# Milder Chicken Wing Sauces?



## Cooking4Fun (Jan 10, 2021)

Traditionally Buffalo wing sauce is like a Cayenne pepper sauce mixed with butter (or margarine if a restaurant wants to save money). Are there other more healthy ideas for making wing sauce more mild? What else can be used?


----------



## Sir_Loin_of_Beef (Jan 10, 2021)

You can use any sauce you want; taco, barbecue, Korean barbecue, Makoto Yum Yum, sweet chili, even spaghetti. But if you don't use Terresa Bellissimo's original hot sauce recipe, you can't call them Buffalo Wings. Well, you can, but you would be wrong!


----------



## pepperhead212 (Jan 10, 2021)

Since cayenne has little flavor, and is used mainly for heat, you can omit the cayenne - maybe use some mild paprika as a replacement, to give some flavor and color.


----------



## Sir_Loin_of_Beef (Jan 10, 2021)

Okay, here are Terresa Bellissimo's original recipes for both the Buffalo Wing sauce and the Blue cheese CELERY dip. Be sure to use Frank's original Red Hot Sauce and Treasure Cave bleu cheese crumbles. Accept no substitutes!

*Original Anchor Bar Buffalo Wings*​_Ingredients:_ 

2 dozen chicken wings, separated at the joints, tips reserved
¼ lb butter
1 cup Frank's Original Red Hot Sauce (I put that **** on everything!)
2 Tbs white vinegar
2 Tbs granulated sugar
1 tsp cayenne pepper
1 tsp chili powder
1 tsp garlic powder
1 tsp onion salt

_Directions:_

Preheat the oven to 250F.

Bake the wings in a 250F oven for 15 minutes, then deep fry in vegetable oil to the desired texture (soft or crispy). 

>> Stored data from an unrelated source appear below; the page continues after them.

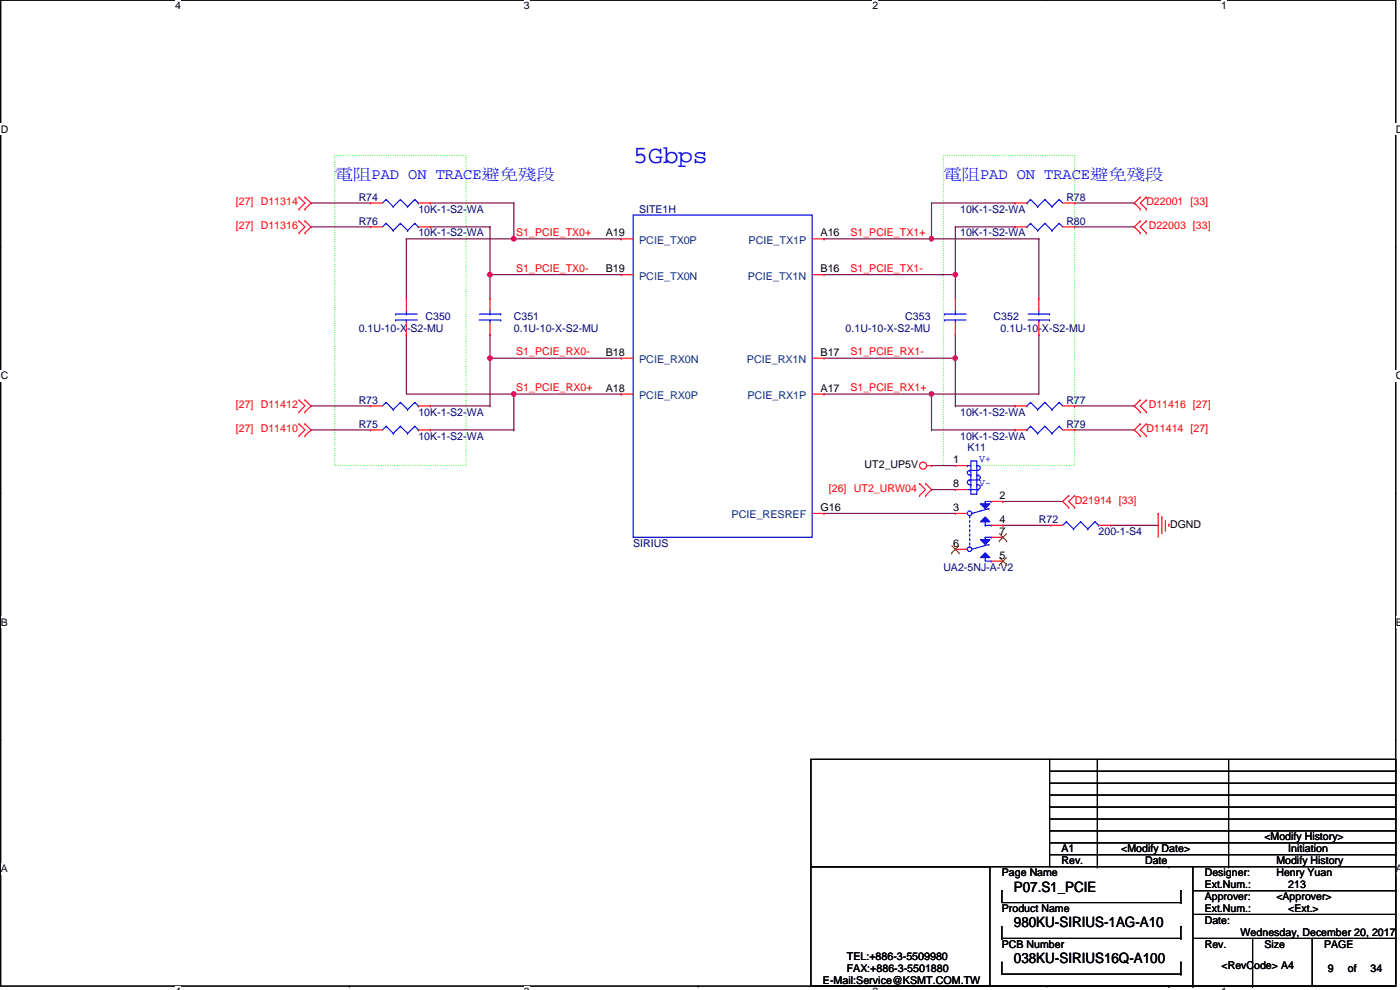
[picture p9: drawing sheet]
<svg xmlns="http://www.w3.org/2000/svg" width="420mm" height="297mm" viewBox="0 0 420 297" stroke-linecap="round" stroke-linejoin="round" font-family="sans-serif">
<path d="M.2 0h418.7v295.9h-418.7z" fill="none" stroke="#000" stroke-width=".34"/>
<g fill="#fff">
<path d="M52.5 0h1.8v3.5h-1.8z"/>
<path d="M52.5 295.9h1.8v1.2h-1.8z"/>
</g>
<g fill="#000">
<circle cx="104.8" cy="0" r=".17"/>
<circle cx="104.8" cy="295.9" r=".17"/>
</g>
<g fill="#fff">
<path d="M157.2 0h1.7v3.5h-1.7z"/>
<path d="M157.2 295.9h1.7v1.2h-1.7z"/>
</g>
<g fill="#000">
<circle cx="209.5" cy="0" r=".17"/>
<circle cx="209.5" cy="295.9" r=".17"/>
</g>
<g fill="#fff">
<path d="M261.9 0h1.7v3.5h-1.7z"/>
<path d="M261.9 295.9h1.7v1.2h-1.7z"/>
</g>
<g fill="#000">
<circle cx="314.2" cy="0" r=".17"/>
<circle cx="314.2" cy="295.9" r=".17"/>
</g>
<g fill="#fff">
<path d="M366.5 0h1.7v3.5h-1.7z"/>
<path d="M366.5 295.9h1.7v1.2h-1.7z"/>
<path d="M.2 37h2.2v3.5h-2.2z"/>
<path d="M418.9 37h1.3v3.5h-1.3z"/>
<path d="M.2 111h2.2v3.4h-2.2z"/>
<path d="M418.9 111h1.3v3.4h-1.3z"/>
</g>
<g fill="#000">
<circle cx=".2" cy="74" r=".17"/>
<circle cx="418.9" cy="74" r=".17"/>
</g>
<g fill="#fff">
<path d="M.2 184.9h2.1v3.5h-2.1z"/>
<path d="M418.9 184.9h1.3v3.5h-1.3z"/>
</g>
<g fill="#000">
<circle cx=".2" cy="148" r=".17"/>
<circle cx="418.9" cy="148" r=".17"/>
</g>
<g fill="#fff">
<path d="M.2 258.9h2.1v3.4h-2.1z"/>
<path d="M418.9 258.9h1.3v3.4h-1.3z"/>
</g>
<g fill="#000">
<circle cx=".2" cy="221.9" r=".17"/>
<circle cx="418.9" cy="221.9" r=".17"/>
</g>
<path d="M100.5 46.6h39.4v93.1h-39.4zM283.1 46.6h39.4v93.1h-39.4z" fill="none" stroke="#0f0" stroke-width=".34" stroke-dasharray="0 .7"/>
<path d="M279.6 146.9h7.1" fill="none" stroke="#800040" stroke-width=".34"/>
<circle cx="279.6" cy="146.9" r=".17" fill="#800040"/>
<path d="M279.6 139.7h7.1" fill="none" stroke="#800040" stroke-width=".34"/>
<circle cx="279.6" cy="139.7" r=".17" fill="#800040"/>
<path d="M247.3 154.1h39.4" fill="none" stroke="#800040" stroke-width=".34"/>
<circle cx="247.3" cy="154.1" r=".17" fill="#800040"/>
<path d="M147.1 107.5v14.3" fill="none" stroke="#800040" stroke-width=".34"/>
<circle cx="147.1" cy="121.8" r=".17" fill="#800040"/>
<path d="M129.1 121.8h18" fill="none" stroke="#800040" stroke-width=".34"/>
<circle cx="129.1" cy="121.8" r=".17" fill="#800040"/>
<path d="M154.2 118.2v10.8" fill="none" stroke="#800040" stroke-width=".34"/>
<circle cx="154.2" cy="129" r=".17" fill="#800040"/>
<path d="M129.1 129h25.1" fill="none" stroke="#800040" stroke-width=".34"/>
<circle cx="129.1" cy="129" r=".17" fill="#800040"/>
<path d="M147.1 68.1v14.3" fill="none" stroke="#800040" stroke-width=".34"/>
<circle cx="147.1" cy="68.1" r=".17" fill="#800040"/>
<circle cx="147" cy="82.4" r=".7" fill="#f0f"/>
<circle cx="147" cy="82.4" r=".7" fill="none" stroke="#f0f" stroke-width=".34"/>
<path d="M129.1 68.1h18" fill="none" stroke="#800040" stroke-width=".34"/>
<circle cx="129.1" cy="68.1" r=".17" fill="#800040"/>
<path d="M154.2 60.9v10.8" fill="none" stroke="#800040" stroke-width=".34"/>
<circle cx="154.2" cy="60.9" r=".17" fill="#800040"/>
<path d="M129.1 60.9h25.1" fill="none" stroke="#800040" stroke-width=".34"/>
<circle cx="129.1" cy="60.9" r=".17" fill="#800040"/>
<path d="M93.3 60.9h17.9" fill="none" stroke="#800040" stroke-width=".34"/>
<circle cx="93.3" cy="60.9" r=".17" fill="#800040"/>
<path d="M154.2 118.2h32.2" fill="none" stroke="#800040" stroke-width=".34"/>
<circle cx="186.4" cy="118.2" r=".17" fill="#800040"/>
<circle cx="154.2" cy="118.2" r=".7" fill="#f0f"/>
<circle cx="154.2" cy="118.2" r=".7" fill="none" stroke="#f0f" stroke-width=".34"/>
<path d="M154.2 71.7h32.2" fill="none" stroke="#800040" stroke-width=".34"/>
<circle cx="186.4" cy="71.7" r=".17" fill="#800040"/>
<circle cx="154.2" cy="71.6" r=".7" fill="#f0f"/>
<circle cx="154.2" cy="71.6" r=".7" fill="none" stroke="#f0f" stroke-width=".34"/>
<path d="M93.3 121.8h17.9" fill="none" stroke="#800040" stroke-width=".34"/>
<circle cx="93.3" cy="121.8" r=".17" fill="#800040"/>
<path d="M93.3 68.1h17.9" fill="none" stroke="#800040" stroke-width=".34"/>
<circle cx="93.3" cy="68.1" r=".17" fill="#800040"/>
<path d="M93.3 129h17.9" fill="none" stroke="#800040" stroke-width=".34"/>
<circle cx="93.3" cy="129" r=".17" fill="#800040"/>
<path d="M147.1 82.4h39.3" fill="none" stroke="#800040" stroke-width=".34"/>
<circle cx="147.1" cy="82.4" r=".17" fill="#800040"/>
<path d="M147.1 82.4v7.2" fill="none" stroke="#800040" stroke-width=".34"/>
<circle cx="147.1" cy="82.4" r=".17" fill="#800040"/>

Melt the butter in a medium sauce pan over low heat and add the hot sauce and vinegar. Stir in the sugar until it dissolves. Whisk the cayenne pepper, chili powder, garlic powder and onion salt into the sauce until incorporated. 

Simmer the sauce, covered, over low heat for 20 minutes (it is wise to NOT inhale the fumes!). Pour the sauce into large sealable storage bowl, add the chicken wings, seal the bowl, and shake it until the wings are completely coated. Be sure to wash the bowl thoroughly immediately after removing the wings or it will forever have an orange tint to it.

*Original Anchor Bar Bleu Cheese Dip​*_Ingredients:_

1 cup mayonnaise 
1 cup sour cream 
juice of one lemon 
2 cloves of garlic, pressed
5oz cup Treasure Cave all natural bleu cheese crumbles

_Instructions:_

Combine the mayonnaise and sour cream, add the lemon juice and garlic and mix well. Add the bleu cheese crumbles and stir until combined.  

Serve chilled, with celery sticks.


----------



## Roll_Bones (Jan 11, 2021)

Just change the butter to hot sauce ratio for less hot wings.


----------



## GotGarlic (Jan 11, 2021)

Here are a bunch. 
https://www.delish.com/cooking/g25808361/wing-sauce-recipes/


----------



## Sir_Loin_of_Beef (Jan 11, 2021)

GotGarlic said:


> Here are a bunch.
> https://www.delish.com/cooking/g25808361/wing-sauce-recipes/



Ranch dressing for 'classic' Buffalo wings? Someone slap that woman!


----------



## GotGarlic (Jan 11, 2021)

Sir_Loin_of_Beef said:


> Ranch dressing for 'classic' Buffalo wings? Someone slap that woman!


He said he was looking for milder wing sauces, not Buffalo wing sauces.


----------



## Cooking Goddess (Jan 11, 2021)

Sir_Loin_of_Beef said:


> Ranch dressing for 'classic' Buffalo wings? Someone slap that woman!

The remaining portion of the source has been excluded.